◆ Action item:
Using the records below, find every line that includes "NOPB" and copy it.
--------------------------------
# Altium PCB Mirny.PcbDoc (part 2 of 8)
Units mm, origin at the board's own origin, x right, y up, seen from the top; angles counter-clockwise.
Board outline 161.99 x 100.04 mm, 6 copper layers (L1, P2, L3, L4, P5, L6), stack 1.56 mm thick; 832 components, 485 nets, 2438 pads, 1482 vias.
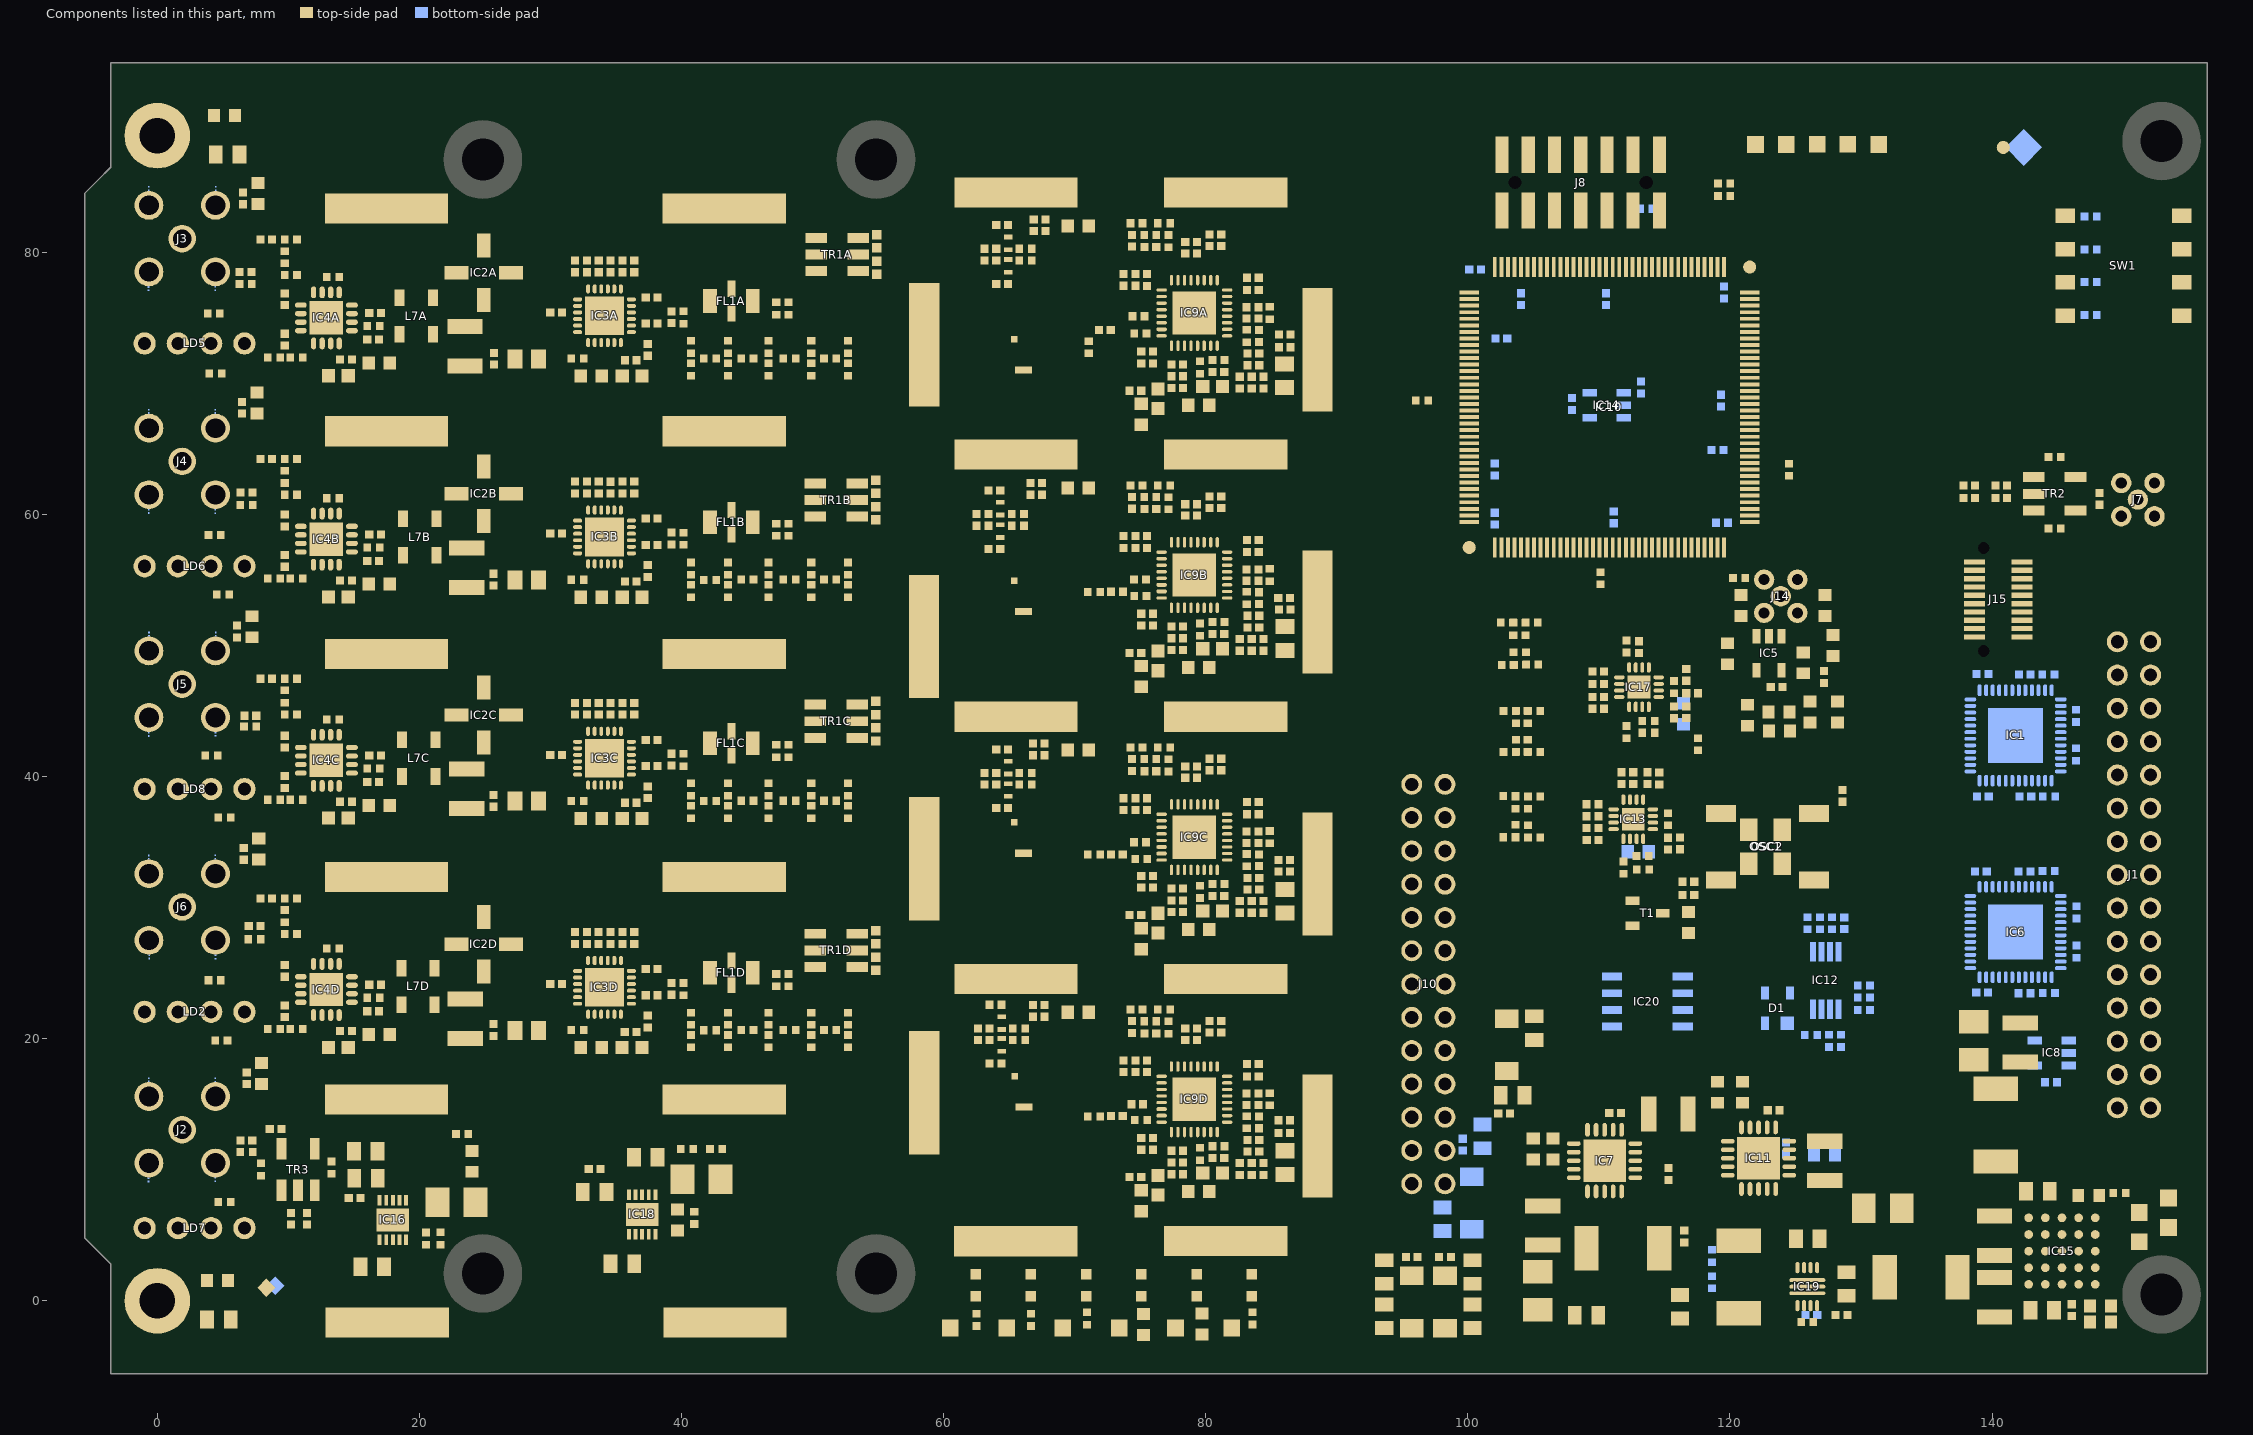
[diagram p6: the components of this part, seen from the top]

## Components (designator, comment, footprint, x,y, rotation, side; value= is the part's Value field where it differs from the comment) (continued)
IC4A "HMC349ALP4CE" QFN65P400X400X100-17N-S255 12.902,75 r180 top (schematic designator IC4)
IC4B "HMC349ALP4CE" QFN65P400X400X100-17N-S255 12.902,58.12 r180 top (schematic designator IC4)
IC4C "HMC349ALP4CE" QFN65P400X400X100-17N-S255 12.902,41.241 r180 top (schematic designator IC4)
IC4D "HMC349ALP4CE" QFN65P400X400X100-17N-S255 12.9,23.754 r180 top (schematic designator IC4)
IC5 "LMV321ILT" SOT95P280X145-5N 122.985,49.411 r270 top
IC6 "SN65MLVD040RGZT" QFN50P700X700X100-49N-S420 141.794,28.138 r180 bottom
IC7 "TPS74901RGWT" QFN65P500X500X100-21N-S325 110.431,10.695 r90 top
IC8 "24AA02E48T-I/OT" SOT95P280X145-5N 144.544,18.913 r180 bottom
IC9A "ADF4355" CP-32-7_N 79.13,75.378 r270 top (schematic designator IC9)
IC9B "ADF4355" CP-32-7_N 79.13,55.378 r270 top (schematic designator IC9)
IC9C "ADF4355" CP-32-7_N 79.13,35.378 r270 top (schematic designator IC9)
IC9D "ADF4355" CP-32-7_N 79.13,15.378 r270 top (schematic designator IC9)
IC10 "XC2C128-6TQG144C" QFP50P2200X2200X160-144N 110.804,68.184 r0 top
IC11 "TPS74901RGWT" QFN65P500X500X100-21N-S325 122.181,10.88 r90 top
IC12 "LM75AIMM/NOPB" SOP65P490X109-8N 127.317,24.442 r90 bottom
IC13 "Si53340-B-GM" QFN50P300X300X90-17N-S175 112.622,36.744 r90 top
IC14 "LP3990MF-1.8/NOPB" SOT95P284X122-5N 110.594,68.336 r180 bottom
IC15 "LTM4622AEV#PBF" LGA25C127P5X5_625X625X190 145.334,3.791 r0 top
IC16 "LT3045EDD#PBF" SON50P300X300X80-11N-R175X248 17.97,6.175 r90 top
IC17 "Si53340-B-GM" QFN50P300X300X90-17N-S175 113.059,46.825 r90 top
IC18 "LT3045EDD#PBF" SON50P300X300X80-11N-R175X248 37,6.597 r90 top
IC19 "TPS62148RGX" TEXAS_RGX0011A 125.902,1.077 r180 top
--------------------------------
◆ Finished exercise:
IC12 "LM75AIMM/NOPB" SOP65P490X109-8N 127.317,24.442 r90 bottom
IC14 "LP3990MF-1.8/NOPB" SOT95P284X122-5N 110.594,68.336 r180 bottom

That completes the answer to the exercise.